Je dispose actuellement d'un macbook pro et d'un iMac. Je souhaiterais repartir à zéro sur mon macbook pro (effacer l'intégralité des données/applications) pour pouvoir mettre 100% la même installation que sur mon iMac (cad les mêmes applications et l'intégralité de mes documents/bibliothèque etc.).
Pour cela je pense qu'il faut que je passe par l'assistant migration et que je demande de tout copier de l'iMac vers le macbook pro? Ou bien y-a-t'il une autre procédure ?
Si la procédure est la bonne :
1) Quelqu'un peut-il m'expliquer comment connecter les deux ordinateurs entre eux avec un cable ethernet? Cela ne semble pas fonctionner... Et par le wifi ça demande environ 24h! Ce qui n'est pas possible... J'ai l'impression que je ne peux pas avoir en même temps une connexion airport et une connexion ethernet? Actuellement je capte internet via airport (wifi) et j'aimerais juste trouver un moyen de relier mes deux ordinateurs par un câble pour accélérer le transfert de données...
2) Admettons que j'aie réussi de transférer l'intégralité des données de l'iMac vers le MacBook.
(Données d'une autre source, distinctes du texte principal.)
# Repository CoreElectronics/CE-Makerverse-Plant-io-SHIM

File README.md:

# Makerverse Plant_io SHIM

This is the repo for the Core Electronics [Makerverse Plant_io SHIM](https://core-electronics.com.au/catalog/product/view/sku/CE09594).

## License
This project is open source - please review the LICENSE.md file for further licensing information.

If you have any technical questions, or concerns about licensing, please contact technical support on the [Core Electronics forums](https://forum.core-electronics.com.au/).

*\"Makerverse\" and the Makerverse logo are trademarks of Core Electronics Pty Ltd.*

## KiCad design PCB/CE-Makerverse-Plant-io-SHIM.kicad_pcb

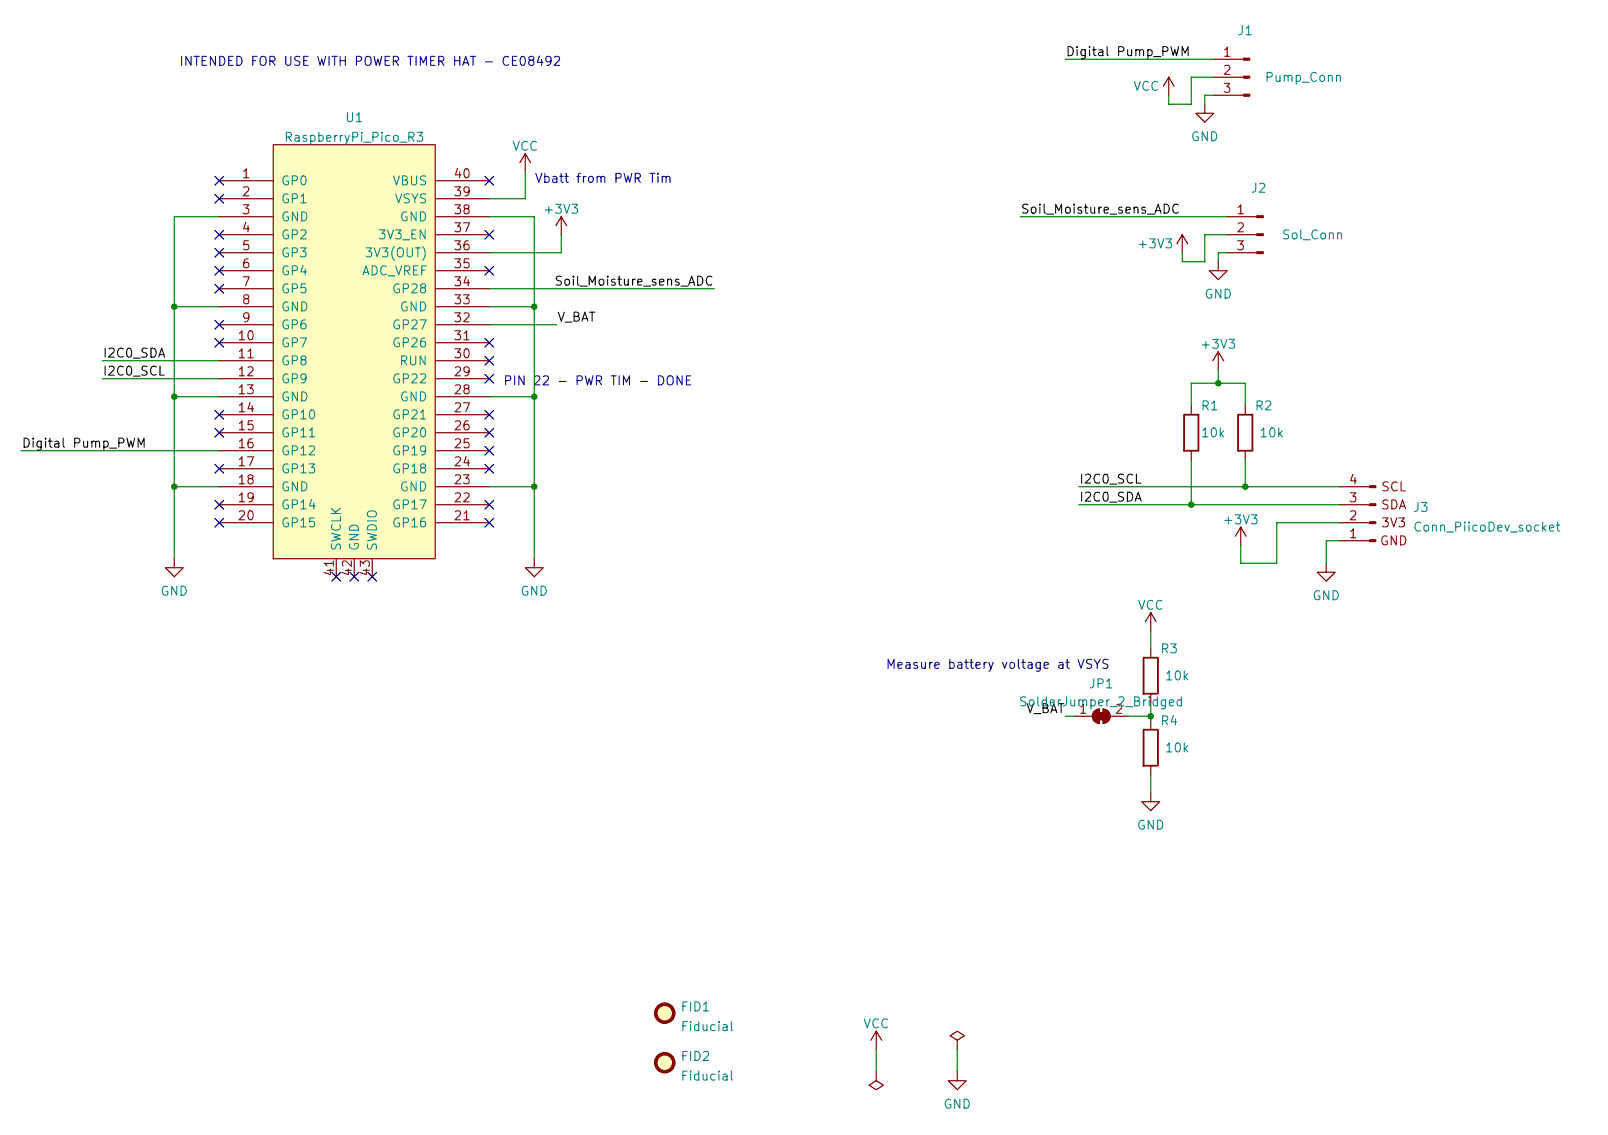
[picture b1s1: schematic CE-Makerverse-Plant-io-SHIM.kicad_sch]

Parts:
FID1, FID2: Fiducial; Fiducial_1mm_Mask2mm
J1: Pump_Conn; PinHeader_1x03_P2.54mm_Vertical_SMD_Pin1Left-BetterMechanic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
J2: Sol_Conn; PinHeader_1x03_P2.54mm_Vertical_SMD_Pin1Left-BetterMechanic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
J3: Conn_PiicoDev_socket; JST_SH_SM04B-SRSS-TB_1x04-1MP_P1.00mm_Horizontal
JP1: SolderJumper_2_Bridged; SolderJumper-2_P1.3mm_Bridged_RoundedPad1.0x1.5mm
R1, R2, R3, R4: 10k; R_0402_1005Metric
U1: RaspberryPi_Pico_R3; Pico-Shim-Fit_Oval-Spark

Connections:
+3V3: J2.2, J3.2, R1.1, R2.1, U1.36 (3V3(OUT))
/Digital Pump_PWM: J1.1, U1.16 (GP12)
/I2C0_SCL: J3.4, R2.2, U1.12 (GP9)
/I2C0_SDA: J3.3, R1.2, U1.11 (GP8)
/Soil_Moisture_sens_ADC: J2.1, U1.34 (GP28)
/V_BAT: JP1.1 (A), U1.32 (GP27)
GND: J1.3, J2.3, J3.1, R4.2, U1.3 (GND), U1.8 (GND), U1.13 (GND), U1.18 (GND), U1.23 (GND), U1.28 (GND), U1.33 (GND), U1.38 (GND)
unnamed: JP1.2 (B), R3.2, R4.1
VCC: J1.2, R3.1, U1.39 (VSYS)

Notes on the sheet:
INTENDED FOR USE WITH POWER TIMER HAT - CE08492
Vbatt from PWR Tim
PIN 22 - PWR TIM - DONE
Measure battery voltage at VSYS

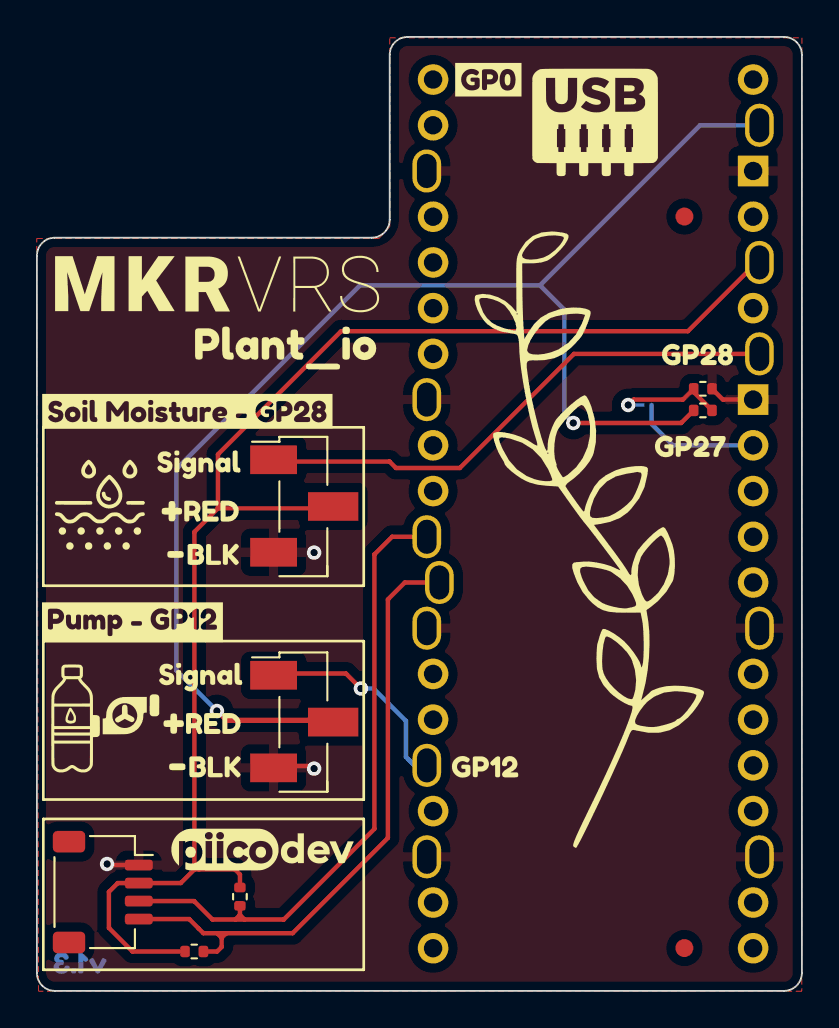
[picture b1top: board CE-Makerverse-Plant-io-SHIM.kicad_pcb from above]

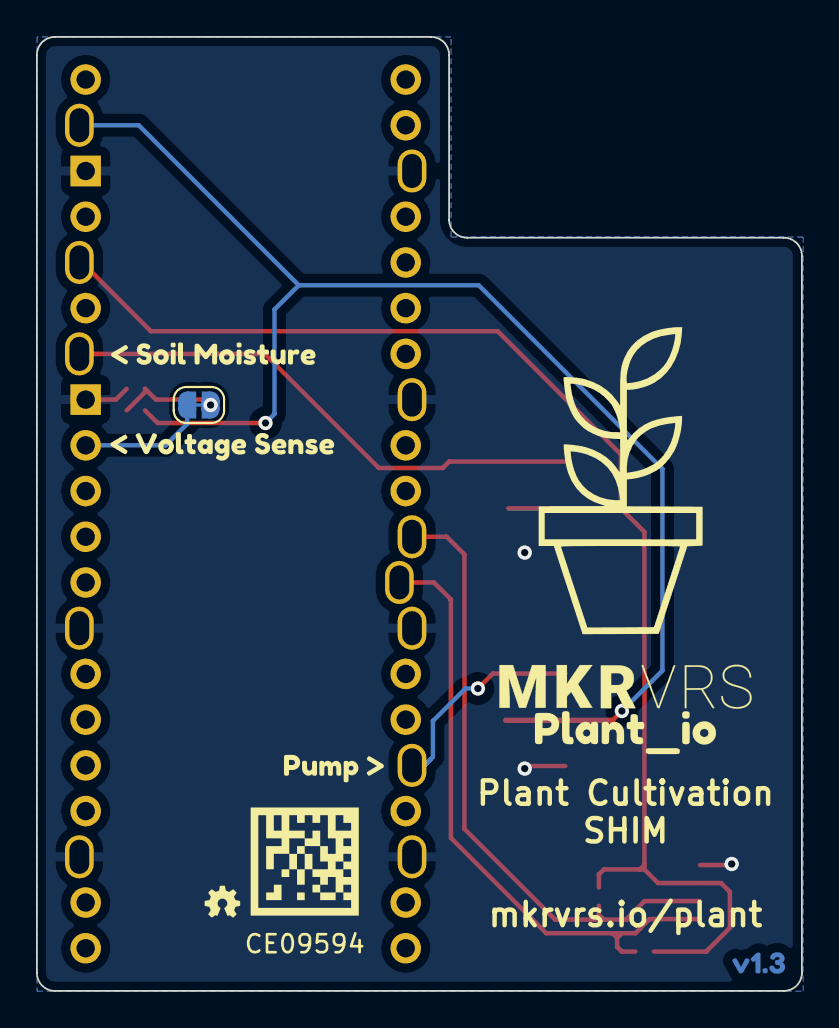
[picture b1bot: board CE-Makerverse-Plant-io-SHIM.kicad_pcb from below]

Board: 2 copper layers, 42.5 x 53.0 mm, 33 parts (6 on the bottom side), 9 nets.

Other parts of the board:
kibuzzard-63FC05E1: G***; kibuzzard-63FC05E1
kibuzzard-63FC007A: G***; kibuzzard-63FC007A
kibuzzard-63FC0833: G***; kibuzzard-63FC0833
kibuzzard-63FE8B61, kibuzzard-63FE8B61#2: G***; kibuzzard-63FE8B61
kibuzzard-64251D2A: G***; kibuzzard-64251D2A
kibuzzard-64251DB8: G***; kibuzzard-64251DB8
kibuzzard-642511A6: G***; kibuzzard-642511A6
kibuzzard-642512E6, kibuzzard-642512E6#2: G***; kibuzzard-642512E6
kibuzzard-642512F4, kibuzzard-642512F4#2: G***; kibuzzard-642512F4
kibuzzard-642514F3: G***; kibuzzard-642514F3
kibuzzard-6425130D, kibuzzard-6425130D#2: G***; kibuzzard-6425130D
kibuzzard-64251220: G***; kibuzzard-64251220
kibuzzard-64251322, kibuzzard-64251322#2: G***; kibuzzard-64251322
kibuzzard-64251367, kibuzzard-64251367#2: G***; kibuzzard-64251367
kibuzzard-64251509: G***; kibuzzard-64251509
kibuzzard-64251517: G***; kibuzzard-64251517

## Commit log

2023-03-30 initial commit v1.3
2023-03-30 v1.3 fix minor edge cut and fill

Comment faire pour utiliser ce nouveau compte utilisateur et ses données et virer le compte utilisateur qui se trouve actuellement sur mon macbook? (Histoire de ne pas avoir de doublons et de ne me retrouver au final qu'avec une copie parfaite de mon iMac).

Merci infiniment de vos réponses!


----------



## lepetitpiero (11 Juillet 2010)

c'est câble USB ou mieux Firewire pour transfert via l'assistant et il faut démarrer le mac qui contient les données à transférer en mode target

http://www.debutersurmac.com/tutoriels/transfertdecompte.html


----------